First time breeding? 
You should have looked up information before you even considered breeding bettas. Please read more about it in the breeding bettas section.


----------



## blankz (Jul 11, 2011)

i will


----------



## Shimizoki (Jul 8, 2011)

Bettas compared to other fish as I have read are a bit more complicated to breed. The male could even start eating all his young unless removed or kept full 100% of the time (which means multiple feedings all day / night long). So it is advised for new breeders to remove the male pretty early as YLG mentioned.

Keep reading, there is a wealth of knowledge in the breeding section and you might have to make some emergency runs to stores and get the proper foods for your fry.

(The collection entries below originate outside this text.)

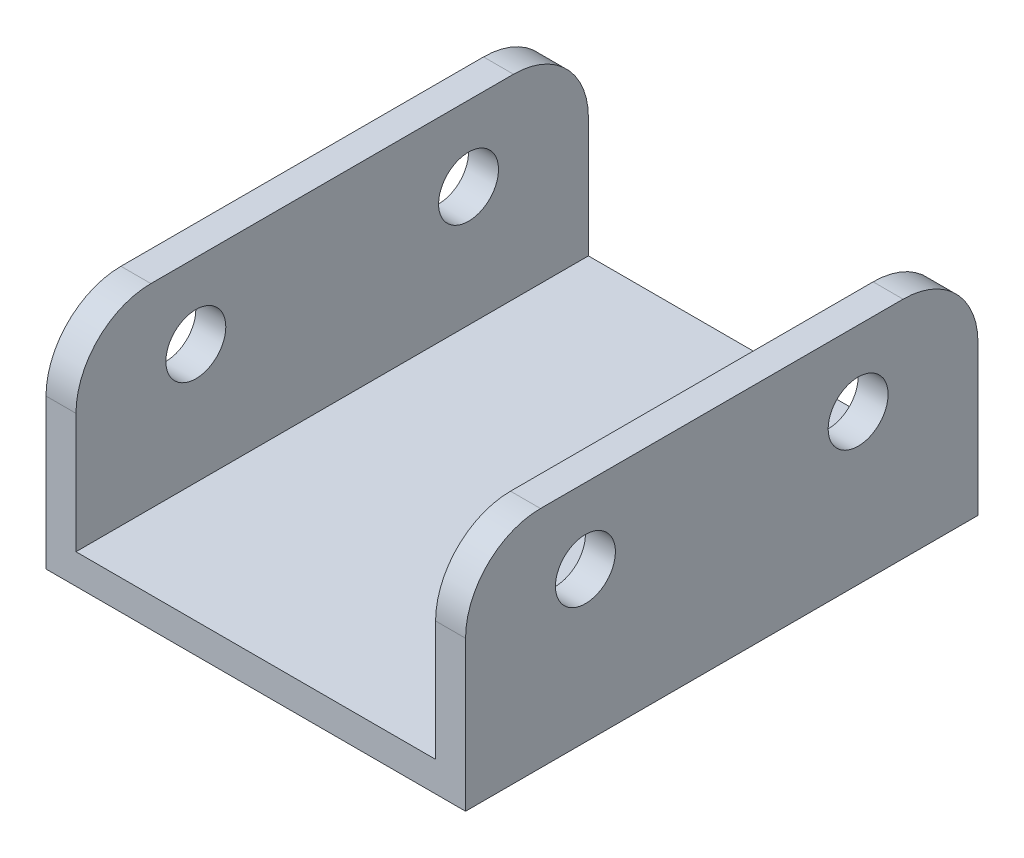
ISO-10303-21;
HEADER;
FILE_DESCRIPTION(('STEP AP214'),'2;1');
FILE_NAME('part.step','',(''),(''),'','','');
FILE_SCHEMA(('AUTOMOTIVE_DESIGN { 1 0 10303 214 1 1 1 1 }'));
ENDSEC;
DATA;
#1=APPLICATION_CONTEXT('core data for automotive mechanical design processes');
#2=APPLICATION_PROTOCOL_DEFINITION('international standard','automotive_design',2000,#1);
#3=PRODUCT_CONTEXT('',#1,'mechanical');
#4=PRODUCT('Part','Part','',(#3));
#5=PRODUCT_RELATED_PRODUCT_CATEGORY('part','',(#4));
#6=PRODUCT_DEFINITION_FORMATION('','',#4);
#7=PRODUCT_DEFINITION_CONTEXT('part definition',#1,'design');
#8=PRODUCT_DEFINITION('design','',#6,#7);
#9=PRODUCT_DEFINITION_SHAPE('','',#8);
#10=(LENGTH_UNIT() NAMED_UNIT(*) SI_UNIT(.MILLI.,.METRE.));
#11=(NAMED_UNIT(*) PLANE_ANGLE_UNIT() SI_UNIT($,.RADIAN.));
#12=(NAMED_UNIT(*) SI_UNIT($,.STERADIAN.) SOLID_ANGLE_UNIT());
#13=UNCERTAINTY_MEASURE_WITH_UNIT(LENGTH_MEASURE(1.E-05),#10,'distance_accuracy_value','');
#14=(GEOMETRIC_REPRESENTATION_CONTEXT(3) GLOBAL_UNCERTAINTY_ASSIGNED_CONTEXT((#13)) GLOBAL_UNIT_ASSIGNED_CONTEXT((#10,
#11,#12)) REPRESENTATION_CONTEXT('',''));
#15=CARTESIAN_POINT('',(0.,0.,0.));
#16=DIRECTION('',(0.,0.,1.));
#17=DIRECTION('',(1.,0.,0.));
#18=AXIS2_PLACEMENT_3D('',#15,#16,#17);
#19=CARTESIAN_POINT('',(-14.,-1.00000000000001,17.1));
#20=DIRECTION('',(1.,0.,0.));
#21=DIRECTION('',(0.,1.,0.));
#22=AXIS2_PLACEMENT_3D('',#19,#20,#21);
#23=PLANE('',#22);
#24=CARTESIAN_POINT('',(-14.,8.99999999999999,9.1));
#25=DIRECTION('',(1.,0.,0.));
#26=DIRECTION('',(0.,0.,-1.));
#27=AXIS2_PLACEMENT_3D('',#24,#25,#26);
#28=CIRCLE('',#27,2.);
#29=CARTESIAN_POINT('',(-14.,8.99999999999999,7.1));
#30=VERTEX_POINT('',#29);
#31=EDGE_CURVE('E158',#30,#30,#28,.T.);
#32=ORIENTED_EDGE('',*,*,#31,.T.);
#33=EDGE_LOOP('',(#32));
#34=FACE_BOUND('',#33,.T.);
#35=CARTESIAN_POINT('',(-14.,8.99999999999999,-9.1));
#36=DIRECTION('',(1.,0.,0.));
#37=DIRECTION('',(0.,0.,1.));
#38=AXIS2_PLACEMENT_3D('',#35,#36,#37);
#39=CIRCLE('',#38,2.);
#40=CARTESIAN_POINT('',(-14.,8.99999999999999,-7.1));
#41=VERTEX_POINT('',#40);
#42=EDGE_CURVE('E434',#41,#41,#39,.T.);
#43=ORIENTED_EDGE('',*,*,#42,.T.);
#44=EDGE_LOOP('',(#43));
#45=FACE_BOUND('',#44,.T.);
#46=DIRECTION('',(0.,0.,-1.));
#47=VECTOR('',#46,1.);
#48=CARTESIAN_POINT('',(-14.,14.,17.1));
#49=LINE('',#48,#47);
#50=CARTESIAN_POINT('',(-14.,14.,12.1));
#51=VERTEX_POINT('',#50);
#52=CARTESIAN_POINT('',(-14.,14.,-12.1));
#53=VERTEX_POINT('',#52);
#54=EDGE_CURVE('E209',#51,#53,#49,.T.);
#55=ORIENTED_EDGE('',*,*,#54,.T.);
#56=CARTESIAN_POINT('',(-14.,8.99999999999999,-12.1));
#57=DIRECTION('',(1.,0.,0.));
#58=DIRECTION('',(0.,1.,0.));
#59=AXIS2_PLACEMENT_3D('',#56,#57,#58);
#60=CIRCLE('',#59,5.);
#61=CARTESIAN_POINT('',(-14.,8.99999999999999,-17.1));
#62=VERTEX_POINT('',#61);
#63=EDGE_CURVE('E184',#53,#62,#60,.F.);
#64=ORIENTED_EDGE('',*,*,#63,.T.);
#65=DIRECTION('',(0.,-1.,0.));
#66=VECTOR('',#65,1.);
#67=CARTESIAN_POINT('',(-14.,-1.00000000000001,-17.1));
#68=LINE('',#67,#66);
#69=CARTESIAN_POINT('',(-14.,-1.00000000000001,-17.1));
#70=VERTEX_POINT('',#69);
#71=EDGE_CURVE('E144',#62,#70,#68,.T.);
#72=ORIENTED_EDGE('',*,*,#71,.T.);
#73=DIRECTION('',(0.,0.,-1.));
#74=VECTOR('',#73,1.);
#75=CARTESIAN_POINT('',(-14.,-1.00000000000001,17.1));
#76=LINE('',#75,#74);
#77=CARTESIAN_POINT('',(-14.,-1.00000000000001,17.1));
#78=VERTEX_POINT('',#77);
#79=EDGE_CURVE('E136',#78,#70,#76,.T.);
#80=ORIENTED_EDGE('',*,*,#79,.F.);
#81=DIRECTION('',(0.,-1.,0.));
#82=VECTOR('',#81,1.);
#83=CARTESIAN_POINT('',(-14.,-1.00000000000001,17.1));
#84=LINE('',#83,#82);
#85=CARTESIAN_POINT('',(-14.,8.99999999999999,17.1));
#86=VERTEX_POINT('',#85);
#87=EDGE_CURVE('E123',#86,#78,#84,.T.);
#88=ORIENTED_EDGE('',*,*,#87,.F.);
#89=CARTESIAN_POINT('',(-14.,8.99999999999999,12.1));
#90=DIRECTION('',(1.,0.,0.));
#91=DIRECTION('',(0.,1.,0.));
#92=AXIS2_PLACEMENT_3D('',#89,#90,#91);
#93=CIRCLE('',#92,5.);
#94=EDGE_CURVE('E56',#86,#51,#93,.F.);
#95=ORIENTED_EDGE('',*,*,#94,.T.);
#96=EDGE_LOOP('',(#55,#64,#72,#80,#88,#95));
#97=FACE_BOUND('',#96,.T.);
#98=ADVANCED_FACE('F33',(#34,#45,#97),#23,.F.);
#99=CARTESIAN_POINT('',(14.,-1.,17.1));
#100=DIRECTION('',(0.,1.,0.));
#101=DIRECTION('',(-1.,0.,0.));
#102=AXIS2_PLACEMENT_3D('',#99,#100,#101);
#103=PLANE('',#102);
#104=DIRECTION('',(1.,0.,0.));
#105=VECTOR('',#104,1.);
#106=CARTESIAN_POINT('',(14.,-1.,-17.1));
#107=LINE('',#106,#105);
#108=CARTESIAN_POINT('',(14.,-1.,-17.1));
#109=VERTEX_POINT('',#108);
#110=EDGE_CURVE('E211',#70,#109,#107,.T.);
#111=ORIENTED_EDGE('',*,*,#110,.T.);
#112=DIRECTION('',(0.,0.,-1.));
#113=VECTOR('',#112,1.);
#114=CARTESIAN_POINT('',(14.,-1.,17.1));
#115=LINE('',#114,#113);
#116=CARTESIAN_POINT('',(14.,-1.,17.1));
#117=VERTEX_POINT('',#116);
#118=EDGE_CURVE('E138',#117,#109,#115,.T.);
#119=ORIENTED_EDGE('',*,*,#118,.F.);
#120=DIRECTION('',(1.,0.,0.));
#121=VECTOR('',#120,1.);
#122=CARTESIAN_POINT('',(14.,-1.,17.1));
#123=LINE('',#122,#121);
#124=EDGE_CURVE('E127',#78,#117,#123,.T.);
#125=ORIENTED_EDGE('',*,*,#124,.F.);
#126=ORIENTED_EDGE('',*,*,#79,.T.);
#127=EDGE_LOOP('',(#111,#119,#125,#126));
#128=FACE_BOUND('',#127,.T.);
#129=ADVANCED_FACE('F135',(#128),#103,.F.);
#130=CARTESIAN_POINT('',(14.,-1.,17.1));
#131=DIRECTION('',(-1.,0.,0.));
#132=DIRECTION('',(0.,0.,1.));
#133=AXIS2_PLACEMENT_3D('',#130,#131,#132);
#134=PLANE('',#133);
#135=CARTESIAN_POINT('',(14.,8.99999999999999,9.1));
#136=DIRECTION('',(-1.,0.,0.));
#137=DIRECTION('',(0.,0.,1.));
#138=AXIS2_PLACEMENT_3D('',#135,#136,#137);
#139=CIRCLE('',#138,2.);
#140=CARTESIAN_POINT('',(14.,8.99999999999999,11.1));
#141=VERTEX_POINT('',#140);
#142=EDGE_CURVE('E212',#141,#141,#139,.T.);
#143=ORIENTED_EDGE('',*,*,#142,.T.);
#144=EDGE_LOOP('',(#143));
#145=FACE_BOUND('',#144,.T.);
#146=CARTESIAN_POINT('',(14.,8.99999999999999,-9.1));
#147=DIRECTION('',(-1.,0.,0.));
#148=DIRECTION('',(0.,0.,1.));
#149=AXIS2_PLACEMENT_3D('',#146,#147,#148);
#150=CIRCLE('',#149,2.);
#151=CARTESIAN_POINT('',(14.,8.99999999999999,-7.1));
#152=VERTEX_POINT('',#151);
#153=EDGE_CURVE('E162',#152,#152,#150,.T.);
#154=ORIENTED_EDGE('',*,*,#153,.T.);
#155=EDGE_LOOP('',(#154));
#156=FACE_BOUND('',#155,.T.);
#157=DIRECTION('',(0.,1.,0.));
#158=VECTOR('',#157,1.);
#159=CARTESIAN_POINT('',(14.,-1.,-17.1));
#160=LINE('',#159,#158);
#161=CARTESIAN_POINT('',(14.,8.99999999999999,-17.1));
#162=VERTEX_POINT('',#161);
#163=EDGE_CURVE('E214',#109,#162,#160,.T.);
#164=ORIENTED_EDGE('',*,*,#163,.T.);
#165=CARTESIAN_POINT('',(14.,8.99999999999999,-12.1));
#166=DIRECTION('',(-1.,0.,0.));
#167=DIRECTION('',(0.,0.,1.));
#168=AXIS2_PLACEMENT_3D('',#165,#166,#167);
#169=CIRCLE('',#168,5.);
#170=CARTESIAN_POINT('',(14.,14.,-12.1));
#171=VERTEX_POINT('',#170);
#172=EDGE_CURVE('E176',#162,#171,#169,.F.);
#173=ORIENTED_EDGE('',*,*,#172,.T.);
#174=DIRECTION('',(0.,0.,-1.));
#175=VECTOR('',#174,1.);
#176=CARTESIAN_POINT('',(14.,14.,17.1));
#177=LINE('',#176,#175);
#178=CARTESIAN_POINT('',(14.,14.,12.1));
#179=VERTEX_POINT('',#178);
#180=EDGE_CURVE('E150',#179,#171,#177,.T.);
#181=ORIENTED_EDGE('',*,*,#180,.F.);
#182=CARTESIAN_POINT('',(14.,8.99999999999999,12.1));
#183=DIRECTION('',(-1.,0.,0.));
#184=DIRECTION('',(0.,0.,1.));
#185=AXIS2_PLACEMENT_3D('',#182,#183,#184);
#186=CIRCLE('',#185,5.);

It could turn quite sad quickly if you are not prepared.


----------



## Oldfishlady (Mar 1, 2010)

Welcome to the forum.....and congrats......

If the Bettas spawned on Thursday...hatch usually in 24-32h so Friday/Sat you should have seen tails/wigglers...by Sat/Sun bouncing...Sun/Mon bouncing with ability to get to the nest..but with the heavy yolk sac healthy fry can be seen attaching themselves to walls, decorations, plants...etc...driving the male nuts.....lol.....Today is Tuesday...they should be absorbing most of their yolk sac and able to get around a tiny bit better on their own but still attaching to walls and gathered/mouthed by the male....depending on how your spawning tank was setup...a pic and more information would help and even age given in hours at this stage will help......with healthy fry-growth and development can vary some...but generally they shouldn't be on the floor....do you have a filter in the tank...if so-turn if off and depending on the male you may or may not want to remove him....what is the water temp and what are your feeding plans for the fry.......depending on your setup you may need to start feeding them tomorrow.....this can vary a lot.......overall health of the fry, water quality, temp, condition of the breeders to start...etc....are all factors.....


----------



## blankz (Jul 11, 2011)

ok i will try


----------



## blankz (Jul 11, 2011)

i have dem in a drum with lilies if i move it it is going to mix up the water i can put the tank


----------



## blankz (Jul 11, 2011)




----------



## Shimizoki (Jul 8, 2011)

HOLY CRAP OFL, that was the longest sentence I have ever read. Not a single period, just ellipsis.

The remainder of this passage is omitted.